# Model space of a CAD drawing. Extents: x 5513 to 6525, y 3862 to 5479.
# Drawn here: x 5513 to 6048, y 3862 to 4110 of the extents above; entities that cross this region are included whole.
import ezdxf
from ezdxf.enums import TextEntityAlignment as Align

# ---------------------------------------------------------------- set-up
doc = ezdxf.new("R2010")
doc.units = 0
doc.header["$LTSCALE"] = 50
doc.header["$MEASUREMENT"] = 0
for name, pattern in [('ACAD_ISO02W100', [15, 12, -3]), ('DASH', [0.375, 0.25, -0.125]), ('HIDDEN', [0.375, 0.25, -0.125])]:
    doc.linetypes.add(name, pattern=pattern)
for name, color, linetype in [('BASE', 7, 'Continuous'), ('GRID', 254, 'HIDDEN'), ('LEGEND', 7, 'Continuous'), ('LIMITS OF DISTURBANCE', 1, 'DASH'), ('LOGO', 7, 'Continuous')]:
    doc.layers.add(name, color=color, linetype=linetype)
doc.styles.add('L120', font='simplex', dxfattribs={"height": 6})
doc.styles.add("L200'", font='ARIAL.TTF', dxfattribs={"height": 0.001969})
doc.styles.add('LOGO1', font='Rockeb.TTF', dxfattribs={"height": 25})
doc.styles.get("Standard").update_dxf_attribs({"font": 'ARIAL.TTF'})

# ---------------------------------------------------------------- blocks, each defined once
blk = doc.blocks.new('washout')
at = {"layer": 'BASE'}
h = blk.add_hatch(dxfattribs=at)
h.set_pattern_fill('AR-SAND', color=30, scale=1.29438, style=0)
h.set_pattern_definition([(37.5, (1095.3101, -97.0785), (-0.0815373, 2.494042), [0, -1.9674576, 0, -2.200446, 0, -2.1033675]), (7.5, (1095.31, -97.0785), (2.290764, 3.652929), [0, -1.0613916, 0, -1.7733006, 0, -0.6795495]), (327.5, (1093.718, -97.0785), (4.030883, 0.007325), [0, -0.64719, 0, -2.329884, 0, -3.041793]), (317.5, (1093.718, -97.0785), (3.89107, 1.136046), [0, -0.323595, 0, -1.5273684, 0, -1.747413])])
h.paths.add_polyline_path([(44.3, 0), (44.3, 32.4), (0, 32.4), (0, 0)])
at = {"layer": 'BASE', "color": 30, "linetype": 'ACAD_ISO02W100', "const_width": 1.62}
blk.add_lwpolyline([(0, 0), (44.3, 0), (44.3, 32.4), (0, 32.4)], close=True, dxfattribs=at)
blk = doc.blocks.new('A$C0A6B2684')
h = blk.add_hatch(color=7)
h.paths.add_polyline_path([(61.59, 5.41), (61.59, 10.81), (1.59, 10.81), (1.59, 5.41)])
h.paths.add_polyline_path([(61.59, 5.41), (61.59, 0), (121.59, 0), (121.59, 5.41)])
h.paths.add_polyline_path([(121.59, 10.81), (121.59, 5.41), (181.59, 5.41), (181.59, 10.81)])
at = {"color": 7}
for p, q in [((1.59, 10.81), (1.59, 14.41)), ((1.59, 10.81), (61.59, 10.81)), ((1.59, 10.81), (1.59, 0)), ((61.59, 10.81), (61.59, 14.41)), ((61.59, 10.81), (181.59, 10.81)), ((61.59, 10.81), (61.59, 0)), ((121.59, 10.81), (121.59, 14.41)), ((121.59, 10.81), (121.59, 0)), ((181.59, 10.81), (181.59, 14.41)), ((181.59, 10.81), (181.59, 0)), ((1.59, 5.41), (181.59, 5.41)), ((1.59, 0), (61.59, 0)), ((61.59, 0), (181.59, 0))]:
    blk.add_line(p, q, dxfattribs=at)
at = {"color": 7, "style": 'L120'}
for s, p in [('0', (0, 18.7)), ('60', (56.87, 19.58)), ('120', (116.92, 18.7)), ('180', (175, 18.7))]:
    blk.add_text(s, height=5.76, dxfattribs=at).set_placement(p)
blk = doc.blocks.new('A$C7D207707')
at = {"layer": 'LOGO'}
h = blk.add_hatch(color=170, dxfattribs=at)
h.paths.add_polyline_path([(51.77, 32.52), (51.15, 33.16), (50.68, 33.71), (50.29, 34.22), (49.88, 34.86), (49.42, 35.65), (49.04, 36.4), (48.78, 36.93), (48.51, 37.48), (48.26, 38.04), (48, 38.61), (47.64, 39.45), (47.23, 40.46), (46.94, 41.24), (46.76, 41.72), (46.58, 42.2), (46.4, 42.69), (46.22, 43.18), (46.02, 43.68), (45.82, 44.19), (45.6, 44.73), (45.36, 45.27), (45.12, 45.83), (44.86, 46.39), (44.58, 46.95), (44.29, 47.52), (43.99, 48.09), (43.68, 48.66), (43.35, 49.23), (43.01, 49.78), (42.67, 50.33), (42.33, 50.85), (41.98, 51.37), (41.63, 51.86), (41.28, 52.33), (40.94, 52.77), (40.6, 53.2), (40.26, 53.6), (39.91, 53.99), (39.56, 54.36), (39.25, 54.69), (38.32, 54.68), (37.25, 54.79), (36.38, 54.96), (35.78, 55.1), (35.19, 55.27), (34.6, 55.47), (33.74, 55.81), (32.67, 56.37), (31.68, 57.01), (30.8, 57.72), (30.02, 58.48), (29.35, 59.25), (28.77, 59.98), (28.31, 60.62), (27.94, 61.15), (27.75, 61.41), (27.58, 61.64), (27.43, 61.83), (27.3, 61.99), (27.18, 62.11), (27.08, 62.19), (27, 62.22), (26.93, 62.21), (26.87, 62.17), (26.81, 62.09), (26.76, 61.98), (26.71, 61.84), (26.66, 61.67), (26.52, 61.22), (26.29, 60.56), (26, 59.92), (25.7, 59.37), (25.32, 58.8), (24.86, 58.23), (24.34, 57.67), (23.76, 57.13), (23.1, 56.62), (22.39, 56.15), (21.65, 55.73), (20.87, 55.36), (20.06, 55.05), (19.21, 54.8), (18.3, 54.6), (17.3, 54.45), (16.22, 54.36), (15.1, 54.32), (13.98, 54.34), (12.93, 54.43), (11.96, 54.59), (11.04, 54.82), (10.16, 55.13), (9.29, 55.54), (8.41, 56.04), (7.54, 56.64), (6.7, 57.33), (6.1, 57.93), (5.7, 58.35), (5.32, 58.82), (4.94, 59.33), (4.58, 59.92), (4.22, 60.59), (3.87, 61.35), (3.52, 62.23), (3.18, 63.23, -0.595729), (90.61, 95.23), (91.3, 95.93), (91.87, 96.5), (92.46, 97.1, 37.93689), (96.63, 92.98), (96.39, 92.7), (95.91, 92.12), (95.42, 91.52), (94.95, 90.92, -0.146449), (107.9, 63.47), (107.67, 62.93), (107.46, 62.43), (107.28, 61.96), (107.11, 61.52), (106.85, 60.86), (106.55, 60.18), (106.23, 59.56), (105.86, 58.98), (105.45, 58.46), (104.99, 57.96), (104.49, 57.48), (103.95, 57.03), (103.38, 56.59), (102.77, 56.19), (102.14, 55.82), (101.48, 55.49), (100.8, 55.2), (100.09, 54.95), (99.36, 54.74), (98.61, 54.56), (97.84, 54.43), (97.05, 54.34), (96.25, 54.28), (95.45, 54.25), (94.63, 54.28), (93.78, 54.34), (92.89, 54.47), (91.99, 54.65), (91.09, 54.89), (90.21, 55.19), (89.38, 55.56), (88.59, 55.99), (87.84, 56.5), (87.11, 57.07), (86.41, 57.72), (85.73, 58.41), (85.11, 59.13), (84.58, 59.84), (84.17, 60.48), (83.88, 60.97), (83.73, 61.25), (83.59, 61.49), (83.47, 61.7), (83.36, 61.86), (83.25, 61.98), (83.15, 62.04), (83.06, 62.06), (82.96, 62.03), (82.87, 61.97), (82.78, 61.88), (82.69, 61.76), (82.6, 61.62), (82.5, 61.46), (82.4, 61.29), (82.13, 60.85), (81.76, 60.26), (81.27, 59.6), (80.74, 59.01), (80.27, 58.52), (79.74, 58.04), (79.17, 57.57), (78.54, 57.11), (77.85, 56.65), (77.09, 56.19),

-*-

= INSTRUCTIONS TO FOLLOW =
Could you return the lines in the entries above that contain "BASE"?

= TASK OUTPUT =
for name, color, linetype in [('BASE', 7, 'Continuous'), ('GRID', 254, 'HIDDEN'), ('LEGEND', 7, 'Continuous'), ('LIMITS OF DISTURBANCE', 1, 'DASH'), ('LOGO', 7, 'Continuous')]:
at = {"layer": 'BASE'}
at = {"layer": 'BASE', "color": 30, "linetype": 'ACAD_ISO02W100', "const_width": 1.62}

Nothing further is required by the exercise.